Department of Computer Science, Jamoum University College, Umm Al-Qura University, Jamoum, Saudi Arabia.
Department of Biology, North Carolina Agricultural and Technical State University, Greensboro, NC, USA.
Methods Mol Biol. 2022;2499:155-176. doi: 10.1007/978-1-0716-2317-6_8.
Peroxiredoxins (Prxs) are a protein superfamily, present in all organisms, that play a critical role in protecting cellular macromolecules from oxidative damage but also regulate intracellular and intercellular signaling processes involving redox-regulated proteins and pathways. Bioinformatic approaches using computational tools that focus on active site-proximal sequence fragments (known as active site signatures) and iterative clustering and searching methods (referred to as TuLIP and MISST) have recently enabled the recognition of over 38,000 peroxiredoxins, as well as their classification into six functionally relevant groups. With these data providing so many examples of Prxs in each class, machine learning approaches offer an opportunity to extract additional information about features characteristic of these protein groups.In this study, we developed a novel computational method named "RF-Prx" based on a random forest (RF) approach integrated with K-space amino acid pairs (KSAAP) to identify peroxiredoxins and classify them into one of six subgroups. Our process performed in a superior manner compared to other machine learning classifiers. Thus the RF approach integrated with K-space amino acid pairs enabled the detection of class-specific conserved sequences outside the known functional centers and with potential importance. For example, drugs designed to target Prx proteins would likely suffer from cross-reactivity among distinct Prxs if targeted to conserved active sites, but this may be avoidable if remote, class-specific regions could be targeted instead.
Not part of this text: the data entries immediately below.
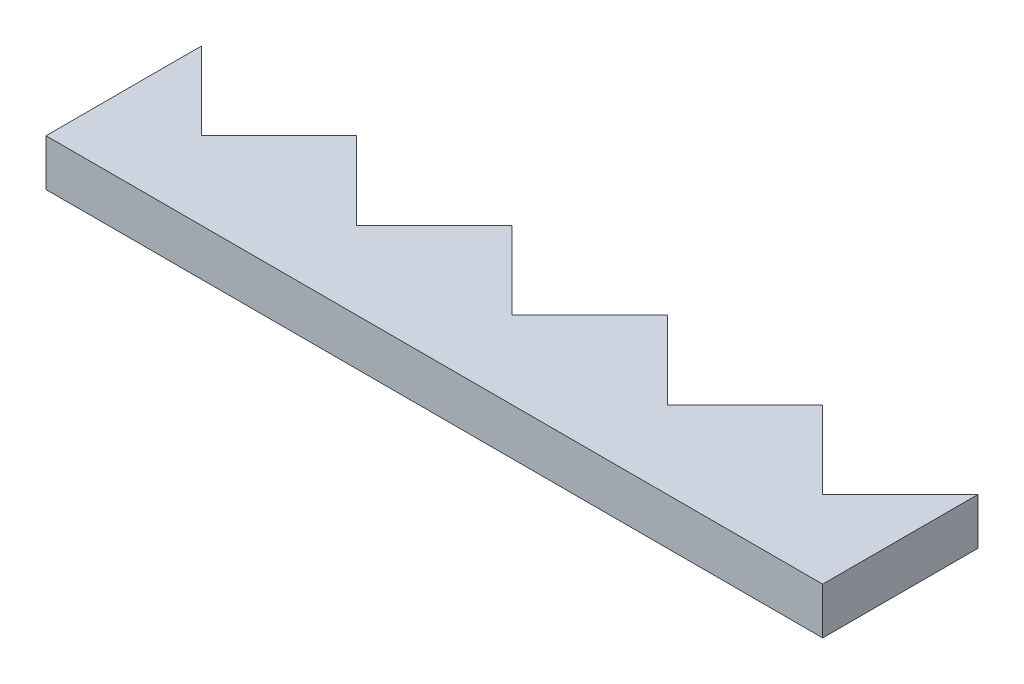
SolidWorks part; units mm, degrees
material "Custom Plastic"
ref_plane "Front Plane" through (0, 0, 0) normal (0, 0, 1) x (1, 0, 0)
ref_plane "Top Plane" through (0, 0, 0) normal (0, 1, 0) x (1, 0, 0)
ref_plane "Right Plane" through (0, 0, 0) normal (1, 0, 0) x (0, 0, -1)
sketch "Sketch1" plane through (0, 0.3303, 0) normal (0, 1, 0) x (1, 0, 0)
  line L0 (0, 0) -> (0, 10)
  line L1 (0, 10) -> (5, 5)
  line L2 (5, 5) -> (10, 10)
  line L4 (10, 10) -> (15, 5)
  line L5 (15, 5) -> (20, 10)
  line L6 (20, 10) -> (25, 5)
  line L7 (25, 5) -> (30, 10)
  line L8 (30, 10) -> (35, 5)
  line L9 (35, 5) -> (40, 10)
  line L10 (40, 10) -> (45, 5)
  line L11 (45, 5) -> (50, 10)
  line L16 (0, 0) -> (50, 0)
  line L17 (50, 0) -> (50, 10)
  dimension "D1" = 10
  dimension "D2" = 10
  dimension "D3" = 5
  dimension "D4" = 5
extrude "Boss-Extrude1" add sketch "Sketch1" along normal blind 3
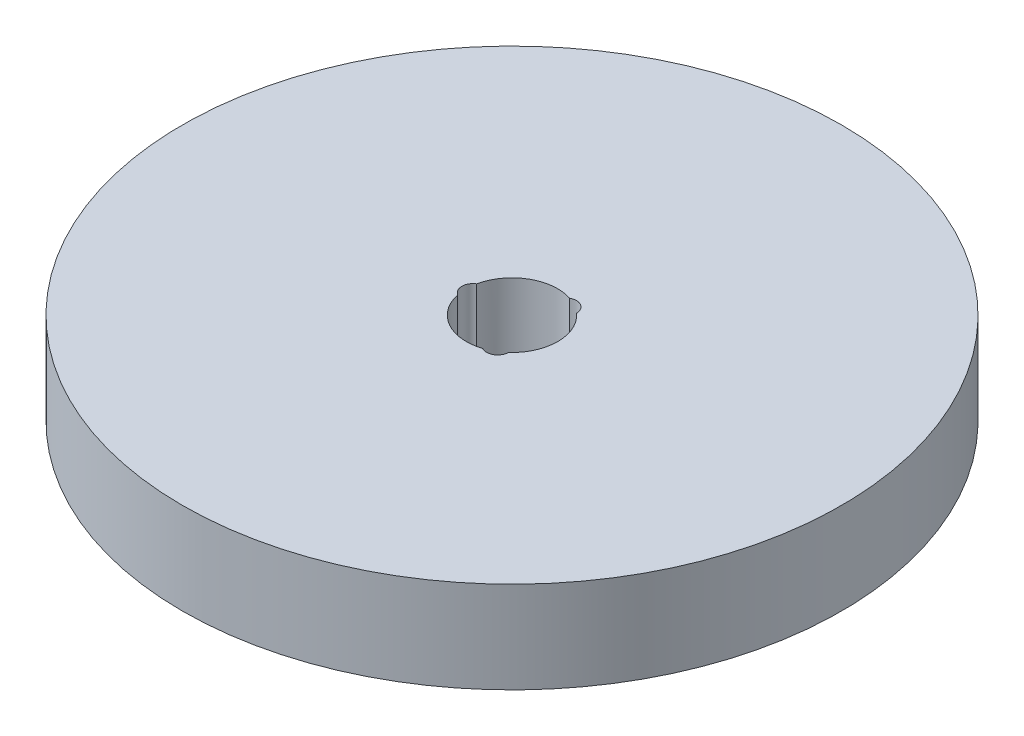
SolidWorks part; units mm, degrees
ref_plane "Front Plane" through (0, 0, 0) normal (0, 0, 1) x (1, 0, 0)
ref_plane "Top Plane" through (0, 0, 0) normal (0, 1, 0) x (1, 0, 0)
ref_plane "Right Plane" through (0, 0, 0) normal (1, 0, 0) x (0, 0, -1)
sketch "Sketch1" plane through (0, 0, 0) normal (0, 1, 0) x (1, 0, 0)
  circle A0 centre (0, 0) radius 90
  dimension "FLANGE_OD" = 180
extrude "Boss-Extrude1" add sketch "Sketch1" along normal blind 25
sketch "Sketch2" plane through (0, 0, 0) normal (0, 1, 0) x (1, 0, 0)
  circle A0 centre (0, 0) radius 12.5
  dimension "BORE_D" = 25
extrude "Cut-Extrude1" cut sketch "Sketch2" along normal through all
sketch "Sketch3" plane through (0, 25, 0) normal (0, 1, 0) x (1, 0, 0)
  circle A0 centre (0, 0) radius 10.6513 construction
  circle A1 centre (-10.6513, 0) radius 3.0361
  dimension "BOLT_D" = 6.0722
  dimension "BOLT_PCD" = 21.3026
extrude "Cut-Extrude2" cut sketch "Sketch3" against normal blind 23.6338
pattern_circular "CirPattern1" count 3 over 360 about axis through (0, 0, 0) along (0, 1, 0) of "Cut-Extrude2"
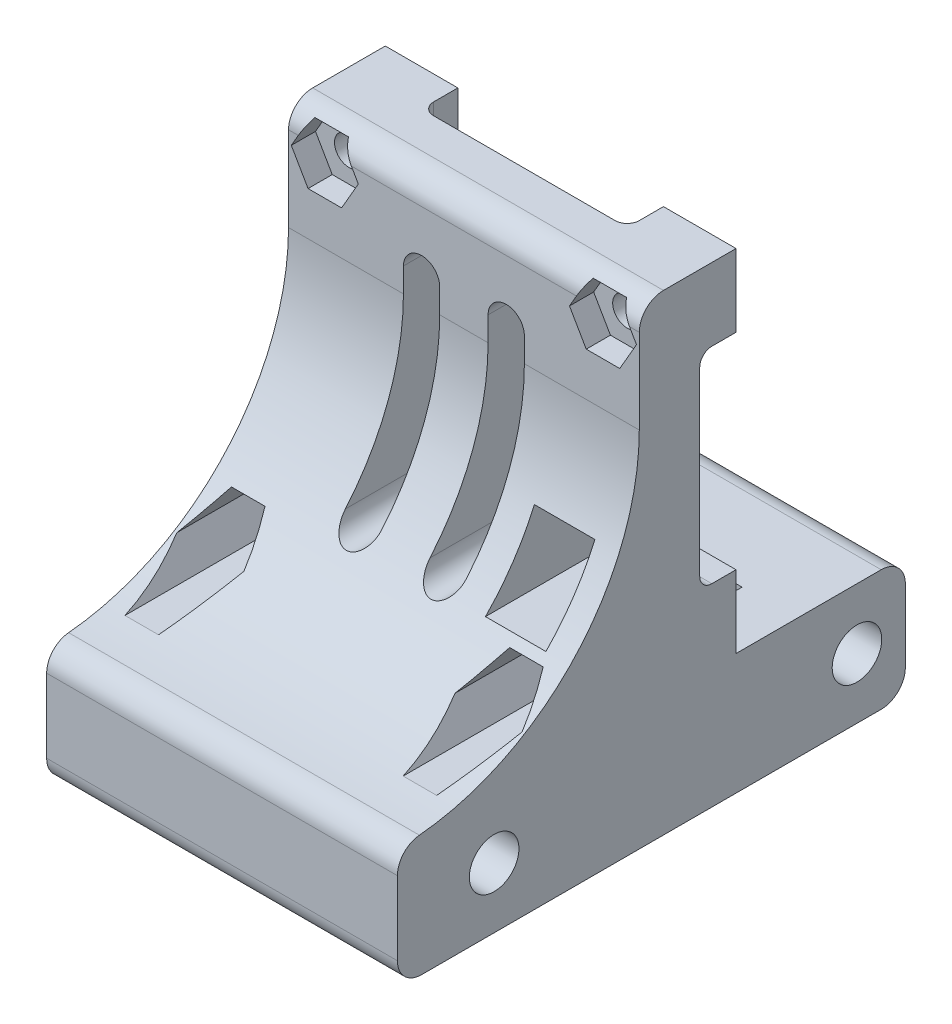
SolidWorks part; units mm, degrees
ref_plane "Front Plane" through (0, 0, 0) normal (0, 0, 1) x (1, 0, 0)
ref_plane "Top Plane" through (0, 0, 0) normal (0, 1, 0) x (1, 0, 0)
ref_plane "Right Plane" through (0, 0, 0) normal (1, 0, 0) x (0, 0, -1)
sketch "Sketch3" plane through (0, 0, 0) normal (0, 0, 1) x (1, 0, 0)
  line L0 (14.5, 29) -> (14.5, 0) construction
  line L1 (0, 0) -> (29, 0)
  line L2 (0, 0) -> (0, 29)
  line L3 (0, 29) -> (29, 29)
  line L4 (29, 0) -> (29, 29)
  line L5 (0, 14.5) -> (29, 14.5) construction
  line L6 (18, 7) -> (18, 22) construction
  line L7 (27, 12) -> (22, 12)
  line L8 (27, 12) -> (27, 6)
  line L9 (27, 6) -> (22, 6)
  line L10 (22, 12) -> (22, 6)
  line L11 (16.5, 7) -> (16.5, 22)
  line L12 (19.5, 7) -> (19.5, 22)
  line L13 (11, 7) -> (11, 22) construction
  line L14 (12.5, 7) -> (12.5, 22)
  line L15 (9.5, 7) -> (9.5, 22)
  circle A0 centre (3, 26) radius 1.2
  circle A1 centre (26, 26) radius 1.2
  circle A2 centre (26, 3) radius 1.2
  circle A3 centre (3, 3) radius 1.2
  arc A4 (16.5, 7) -> (19.5, 7) centre (18, 7) ccw
  arc A5 (19.5, 22) -> (16.5, 22) centre (18, 22) ccw
  arc A6 (12.5, 7) -> (9.5, 7) centre (11, 7) cw
  arc A7 (9.5, 22) -> (12.5, 22) centre (11, 22) cw
  point P23 (18, 14.5)
  point P31 (11, 14.5)
  dimension "D3" = 2.4
  dimension "D1" = 29
  dimension "D2" = 29
  dimension "D4" = 11.5
  dimension "D5" = 11.5
  dimension "D6" = 2
  dimension "D7" = 6
  dimension "D8" = 6
  dimension "D9" = 5
  dimension "D10" = 15
  dimension "D11" = 3
  dimension "D12" = 3.5
extrude "Boss-Extrude1" add sketch "Sketch3" along normal blind 5
sketch "Sketch4" plane through (0, 0, 0) normal (0, 1, 0) x (1, 0, 0)
  line L0 (29, -5) -> (29, 0) construction
  line L1 (0, 17) -> (29, 17)
  line L2 (0, 17) -> (0, -25)
  line L3 (0, -25) -> (29, -25)
  line L4 (29, 17) -> (29, -25)
  line L5 (0, -5) -> (0, 0) construction
  line L6 (0, -5) -> (29, -5) construction
  line L7 (0, 0) -> (29, 0) construction
  line L8 (24.5, -3) -> (4.5, -3)
  line L9 (24.5, -3) -> (24.5, 8)
  line L10 (24.5, 8) -> (4.5, 8)
  line L11 (4.5, -3) -> (4.5, 8)
  line L12 (14.5, 0) -> (14.5, -6) construction
  point P18 (14.5, -3)
  dimension "D1" = 42
  dimension "D2" = 20
  dimension "D3" = 20
  dimension "D4" = 11
  dimension "D5" = 3
extrude "Boss-Extrude2" add sketch "Sketch4" against normal blind 10 contours L2 L3 L4 L1 | L9 L8 L11 L10
sketch "Sketch5" plane through (0, 0, 0) normal (0, 0, -1) x (-1, 0, 0)
  line L0 (-14.5, 29) -> (-14.5, 14.5) construction
  line L1 (-29, 0) -> (-23, 0)
  line L2 (-29, 0) -> (-29, 6)
  line L3 (-29, 6) -> (-23, 6)
  line L4 (-23, 0) -> (-23, 6)
  line L5 (-29, 29) -> (0, 29) construction
  line L7 (-29, 14.5) -> (0, 14.5) construction
  line L8 (-29, 0) -> (-29, 29) construction
  line L9 (0, 29) -> (0, 0) construction
  line L10 (-29, 23) -> (-23, 23)
  line L11 (-23, 29) -> (-23, 23)
  line L12 (-29, 29) -> (-23, 29)
  line L13 (-29, 29) -> (-29, 23)
  line L14 (0, 6) -> (-6, 6)
  line L15 (-6, 0) -> (-6, 6)
  line L16 (0, 0) -> (-6, 0)
  line L17 (0, 0) -> (0, 6)
  line L18 (0, 29) -> (0, 23)
  line L19 (0, 29) -> (-6, 29)
  line L20 (-6, 29) -> (-6, 23)
  line L21 (0, 23) -> (-6, 23)
  circle A0 centre (-26, 3) radius 1.2 construction
  circle A1 centre (-3, 3) radius 1.2 construction
  circle A2 centre (-3, 26) radius 1.2 construction
  circle A3 centre (-26, 26) radius 1.2 construction
  circle A4 centre (-26, 3) radius 1.2
  circle A5 centre (-3, 3) radius 1.2
  circle A6 centre (-3, 26) radius 1.2
  circle A7 centre (-26, 26) radius 1.2
  dimension "D1" = 6
  dimension "D2" = 6
extrude "Boss-Extrude3" add sketch "Sketch5" along normal blind 3
fillet "Fillet1" radius 20 1 edges at (14.5, 0, 5)
sketch "Sketch6" plane through (0, 0, 5) normal (0, 0, 1) x (1, 0, 0)
  line L1 (4.3856, 0.6) -> (5.7713, 3)
  line L2 (5.7713, 3) -> (4.3856, 5.4)
  line L3 (4.3856, 5.4) -> (1.6144, 5.4)
  line L4 (1.6144, 5.4) -> (0.2287, 3)
  line L5 (0.2287, 3) -> (1.6144, 0.6)
  line L6 (1.6144, 0.6) -> (4.3856, 0.6)
  line L7 (24.6144, 0.6) -> (27.3856, 0.6)
  line L8 (27.3856, 0.6) -> (28.7713, 3)
  line L9 (28.7713, 3) -> (27.3856, 5.4)
  line L10 (27.3856, 5.4) -> (24.6144, 5.4)
  line L11 (24.6144, 5.4) -> (23.2287, 3)
  line L12 (23.2287, 3) -> (24.6144, 0.6)
  line L13 (4.3856, 23.6) -> (5.7713, 26)
  line L14 (5.7713, 26) -> (4.3856, 28.4)
  line L15 (4.3856, 28.4) -> (1.6144, 28.4)
  line L16 (1.6144, 28.4) -> (0.2287, 26)
  line L17 (0.2287, 26) -> (1.6144, 23.6)
  line L18 (1.6144, 23.6) -> (4.3856, 23.6)
  line L19 (27.3856, 23.6) -> (28.7713, 26)
  line L20 (28.7713, 26) -> (27.3856, 28.4)
  line L21 (27.3856, 28.4) -> (24.6144, 28.4)
  line L22 (24.6144, 28.4) -> (23.2287, 26)
  line L23 (23.2287, 26) -> (24.6144, 23.6)
  line L24 (24.6144, 23.6) -> (27.3856, 23.6)
  circle A2 centre (3, 3) radius 2.4 construction
  circle A3 centre (26, 3) radius 2.4 construction
  circle A4 centre (3, 26) radius 2.4 construction
  circle A5 centre (26, 26) radius 2.4 construction
  point P28 (3, 28.4)
  dimension "D1" = 4.8
  dimension "D2" = 4.8
  dimension "D3" = 4.8
  dimension "D4" = 4.8
extrude "Cut-Extrude1" cut sketch "Sketch6" along normal through all and the other way blind 2
fillet "Fillet2" radius 1 8 edges at (28, 6, 0) (26, 23, 0) (3, 23, 0) (3, 6, 0) (6, 3, 0) (6, 26, 0) (23, 26, 0) (23, 3, 0)
sketch "Sketch7" plane through (0, 0, 0) normal (-1, 0, 0) x (0, 0, 1)
  line L0 (-17, 0) -> (-17, -10) construction
  line L1 (-17, -5) -> (25, -5) construction
  line L2 (25, -10) -> (25, 0) construction
  line L3 (4, -10) -> (4, -5) construction
  line L4 (-17, -10) -> (25, -10) construction
  circle A0 centre (-13, -5) radius 2.05
  circle A1 centre (17, -5) radius 2.05
  dimension "D1" = 4.1
  dimension "D2" = 4.1
  dimension "D3" = 30
  dimension "D4" = 17
extrude "Cut-Extrude2" cut sketch "Sketch7" against normal through all
fillet "Fillet3" radius 2 5 edges at (14.5, -10, -17) (14.5, 0, -17) (14.5, 29, 5) (14.5, -10, 25) (14.5, 0, 25)

过氧化物酶(Prxs)是一个蛋白质超家族,存在于所有生物中,它们在保护细胞大分子免受氧化损伤方面发挥着关键作用,但也调节涉及氧化还原调节蛋白和途径的细胞内和细胞间信号转导过程。使用专注于活性位点附近序列片段(称为活性位点特征)和迭代聚类及搜索方法(称为 TuLIP 和 MISST)的计算工具进行生物信息学方法,最近已经能够识别超过 38000 种过氧化物酶,并将其分类为六个具有功能相关性的组。由于这些数据在每个类别中提供了如此多的 Prx 示例,机器学习方法提供了一个机会,可以提取这些蛋白质组特征的其他信息。在这项研究中,我们开发了一种名为“RF-Prx”的新计算方法,该方法基于随机森林(RF)方法,结合 K-空间氨基酸对(KSAAP),用于识别过氧化物酶并将其分类为六个亚组之一。与其他机器学习分类器相比,我们的方法表现优越。因此,将 K-空间氨基酸对与随机森林方法集成,使我们能够检测到已知功能中心之外具有潜在重要性的类特异性保守序列。例如,如果针对保守的活性位点设计针对 Prx 蛋白的药物,那么针对不同的 Prx 可能会发生交叉反应,但如果可以针对远程的、特定于类的区域进行靶向,那么这种情况可能会避免。